4. Comment l’agriculture sera-t-elle mise en concurrence ?

Les négociateurs canadiens ont inclus un mécanisme de règlement des différends qui « permettrait à des multinationales de demander des compensations financières lorsque des réglementations entravent leur ­capacité d’engranger les profits escomptés. Par exemple, la multinationale américaine Dow Agrosciences réclame actuellement 2 millions de dollars au Canada en raison de l’interdiction par le Québec de la vente de son pesticide 2,4-D », indique Attac Québec. L’AECG « éliminerait, à toutes fins utiles, le droit des agriculteurs et agricultrices ­d’emmagasiner, de réutiliser et de vendre des semences. Cela donnerait aux sociétés biotechnologiques, pharmaceutiques, de pesticides, de semences et de céréales de puissants nouveaux outils leur permettant de décider comment se fera l’agriculture et par qui » , relève le Réseau canadien pour un commerce juste. Sont aussi visés les obstacles non tarifaires que représentent aux yeux des négociateurs canadiens la politique agricole commune, la réglementation de l’UE sur les OGM, l’interdiction concernant l’utilisation des hormones dans la production du bétail et les dispositions liées au programme de réglementation des produits ­chi­miques (Reach). L’UE risque ainsi de voir ses normes environnementales affaiblies, voire contestées.

5. Pourquoi un accord bilatéral maintenant ?

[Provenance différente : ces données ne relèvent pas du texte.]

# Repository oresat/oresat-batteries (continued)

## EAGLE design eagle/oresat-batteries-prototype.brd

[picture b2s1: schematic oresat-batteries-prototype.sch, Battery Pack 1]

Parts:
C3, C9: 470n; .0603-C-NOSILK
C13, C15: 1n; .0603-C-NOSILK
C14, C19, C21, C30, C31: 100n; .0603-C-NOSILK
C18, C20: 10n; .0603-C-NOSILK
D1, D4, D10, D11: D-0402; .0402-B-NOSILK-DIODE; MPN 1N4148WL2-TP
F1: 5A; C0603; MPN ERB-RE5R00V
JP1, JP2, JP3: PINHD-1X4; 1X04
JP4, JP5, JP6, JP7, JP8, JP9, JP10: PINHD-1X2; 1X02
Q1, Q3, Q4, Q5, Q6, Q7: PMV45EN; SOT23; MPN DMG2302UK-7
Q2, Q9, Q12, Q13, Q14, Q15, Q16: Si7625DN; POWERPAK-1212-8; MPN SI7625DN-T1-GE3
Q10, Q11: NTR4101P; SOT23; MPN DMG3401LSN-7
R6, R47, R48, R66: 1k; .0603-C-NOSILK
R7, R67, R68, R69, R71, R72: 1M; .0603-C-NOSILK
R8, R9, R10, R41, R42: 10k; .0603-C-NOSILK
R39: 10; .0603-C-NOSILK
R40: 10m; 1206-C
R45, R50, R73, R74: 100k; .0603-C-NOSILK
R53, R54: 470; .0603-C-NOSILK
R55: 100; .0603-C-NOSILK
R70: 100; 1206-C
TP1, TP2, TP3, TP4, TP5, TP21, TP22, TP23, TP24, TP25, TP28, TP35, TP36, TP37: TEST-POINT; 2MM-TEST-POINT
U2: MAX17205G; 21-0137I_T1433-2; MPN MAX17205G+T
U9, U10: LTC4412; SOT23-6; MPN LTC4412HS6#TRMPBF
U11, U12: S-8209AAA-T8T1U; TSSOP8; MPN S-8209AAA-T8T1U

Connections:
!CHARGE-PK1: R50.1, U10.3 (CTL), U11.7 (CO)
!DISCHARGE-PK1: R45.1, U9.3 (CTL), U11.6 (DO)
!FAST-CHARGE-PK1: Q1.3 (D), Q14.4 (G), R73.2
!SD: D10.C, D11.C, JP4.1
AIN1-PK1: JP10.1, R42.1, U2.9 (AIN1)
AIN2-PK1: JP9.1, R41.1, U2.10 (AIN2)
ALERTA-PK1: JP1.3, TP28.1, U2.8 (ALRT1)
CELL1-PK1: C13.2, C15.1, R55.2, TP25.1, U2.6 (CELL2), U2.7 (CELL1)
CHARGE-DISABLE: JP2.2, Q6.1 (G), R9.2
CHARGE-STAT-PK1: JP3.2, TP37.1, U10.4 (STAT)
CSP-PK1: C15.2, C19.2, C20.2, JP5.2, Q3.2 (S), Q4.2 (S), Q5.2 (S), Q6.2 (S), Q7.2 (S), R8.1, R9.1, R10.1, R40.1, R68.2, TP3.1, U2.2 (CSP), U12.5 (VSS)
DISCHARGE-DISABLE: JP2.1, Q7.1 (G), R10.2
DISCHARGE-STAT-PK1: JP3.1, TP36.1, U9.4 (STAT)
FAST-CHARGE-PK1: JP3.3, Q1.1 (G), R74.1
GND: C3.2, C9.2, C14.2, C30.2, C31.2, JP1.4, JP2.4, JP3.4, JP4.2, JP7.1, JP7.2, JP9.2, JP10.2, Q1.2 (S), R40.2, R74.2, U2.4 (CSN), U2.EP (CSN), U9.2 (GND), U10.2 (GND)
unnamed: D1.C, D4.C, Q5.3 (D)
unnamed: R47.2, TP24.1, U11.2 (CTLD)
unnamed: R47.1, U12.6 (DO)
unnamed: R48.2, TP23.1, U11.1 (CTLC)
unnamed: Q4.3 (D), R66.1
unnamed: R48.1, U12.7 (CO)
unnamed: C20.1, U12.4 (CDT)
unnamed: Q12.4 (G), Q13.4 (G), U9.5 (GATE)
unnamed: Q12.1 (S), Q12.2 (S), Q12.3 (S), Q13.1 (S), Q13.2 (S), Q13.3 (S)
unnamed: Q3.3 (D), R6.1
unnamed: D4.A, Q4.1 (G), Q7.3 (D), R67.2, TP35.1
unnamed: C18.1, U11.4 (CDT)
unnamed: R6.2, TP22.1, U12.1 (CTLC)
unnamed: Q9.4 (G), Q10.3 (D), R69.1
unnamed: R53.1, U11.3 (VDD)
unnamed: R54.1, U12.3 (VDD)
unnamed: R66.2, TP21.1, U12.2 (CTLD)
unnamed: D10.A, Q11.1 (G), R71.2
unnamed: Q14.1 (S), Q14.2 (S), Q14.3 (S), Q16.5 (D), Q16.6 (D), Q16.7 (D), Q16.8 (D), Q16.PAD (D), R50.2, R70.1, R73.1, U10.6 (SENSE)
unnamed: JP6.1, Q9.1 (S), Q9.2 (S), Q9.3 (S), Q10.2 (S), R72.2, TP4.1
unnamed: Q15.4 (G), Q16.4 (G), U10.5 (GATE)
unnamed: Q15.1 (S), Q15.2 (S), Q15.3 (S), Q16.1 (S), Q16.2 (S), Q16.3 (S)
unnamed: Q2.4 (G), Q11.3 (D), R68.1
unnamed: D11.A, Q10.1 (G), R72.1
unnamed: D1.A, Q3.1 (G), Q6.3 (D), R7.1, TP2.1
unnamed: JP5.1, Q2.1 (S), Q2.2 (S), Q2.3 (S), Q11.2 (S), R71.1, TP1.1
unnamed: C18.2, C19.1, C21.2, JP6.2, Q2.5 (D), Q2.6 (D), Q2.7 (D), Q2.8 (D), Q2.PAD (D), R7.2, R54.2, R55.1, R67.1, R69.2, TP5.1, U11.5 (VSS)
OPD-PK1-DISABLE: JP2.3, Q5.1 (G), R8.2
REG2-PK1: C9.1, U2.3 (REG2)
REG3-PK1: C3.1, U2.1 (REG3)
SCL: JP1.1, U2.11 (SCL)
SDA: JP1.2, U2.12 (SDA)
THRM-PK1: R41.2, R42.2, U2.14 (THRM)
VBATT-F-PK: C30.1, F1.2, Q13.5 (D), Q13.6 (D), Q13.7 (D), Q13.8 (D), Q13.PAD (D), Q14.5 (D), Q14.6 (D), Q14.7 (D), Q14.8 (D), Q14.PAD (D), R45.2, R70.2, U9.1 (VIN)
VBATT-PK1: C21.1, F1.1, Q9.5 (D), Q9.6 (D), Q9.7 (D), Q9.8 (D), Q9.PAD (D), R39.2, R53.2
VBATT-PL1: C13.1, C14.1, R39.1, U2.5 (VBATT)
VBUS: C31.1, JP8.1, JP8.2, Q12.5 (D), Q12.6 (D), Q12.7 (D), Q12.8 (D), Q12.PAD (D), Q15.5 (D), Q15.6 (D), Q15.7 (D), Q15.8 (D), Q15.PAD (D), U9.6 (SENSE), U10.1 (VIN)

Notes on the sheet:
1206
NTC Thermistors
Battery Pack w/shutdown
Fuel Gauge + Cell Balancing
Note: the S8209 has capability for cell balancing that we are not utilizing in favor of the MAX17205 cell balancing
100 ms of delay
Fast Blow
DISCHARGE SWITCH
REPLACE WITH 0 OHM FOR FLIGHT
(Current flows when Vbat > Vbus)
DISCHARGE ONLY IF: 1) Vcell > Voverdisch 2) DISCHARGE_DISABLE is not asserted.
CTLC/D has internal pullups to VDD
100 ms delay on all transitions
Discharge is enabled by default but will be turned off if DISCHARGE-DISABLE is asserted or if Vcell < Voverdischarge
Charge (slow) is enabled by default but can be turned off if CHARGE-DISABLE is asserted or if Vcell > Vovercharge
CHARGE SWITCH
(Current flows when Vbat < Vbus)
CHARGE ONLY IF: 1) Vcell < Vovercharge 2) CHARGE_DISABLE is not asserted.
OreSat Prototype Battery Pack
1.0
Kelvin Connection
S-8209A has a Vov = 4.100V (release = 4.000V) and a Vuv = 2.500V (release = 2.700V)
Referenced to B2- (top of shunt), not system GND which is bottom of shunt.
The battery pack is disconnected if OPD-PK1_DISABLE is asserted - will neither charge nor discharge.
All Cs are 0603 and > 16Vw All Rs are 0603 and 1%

L’AECG effacerait les échecs des négociations au sein de l’Organisation mondiale du commerce (OMC) autour de la libéralisation du commerce international. Il faciliterait aussi la mise en place de la nouvelle stratégie « Europe 2020 » actuellement en discussion. Cet accord de libre-échange serait ainsi la première étape vers un grand marché transatlantique dont rêvaient déjà les pays membres de l’Organisation de coopération et de développement économiques (OCDE) en négociant secrètement un accord multilatéral sur l’investissement (AMI) entre 1995 et avril 1997. « La France, qui a joué un rôle majeur dans le rejet de l’AMI, pourrait se trouver à accepter ce qu’elle a refusé hier », notent Catherine Caron et Claude Vaillancourt [^3] . L’accord bilatéral relancerait aussi les négociations sur la libéralisation du commerce international, le fameux cycle de Doha, que l’OMC peine tant à conclure. C’est d’ailleurs le motif invoqué lors d’un conseil européen qui s’est tenu le 5 mai entre l’UE et le Canada. Les dirigeants européens et canadiens « ont affirmé leur engagement à parvenir à un résultat ambitieux, équilibré et de large portée dans le cadre du Cycle de Doha », en s’appuyant sur cet accord de libre-échange qui est considéré comme le plus important des accords économiques et commerciaux depuis l’accord nord-américain entre le Canada, les États-Unis et le Mexique.

[^2]: En anglais, Comprehensive Economic and Trade Agreement, Ceta.

[^3]: L’AECG, quels enjeux pour nos populations, nos territoires et l’économie sociale et solidaire en Europe et au Québec ?, Catherine Caron et Claude Vaillancourt, Attac Québec, juin 2010.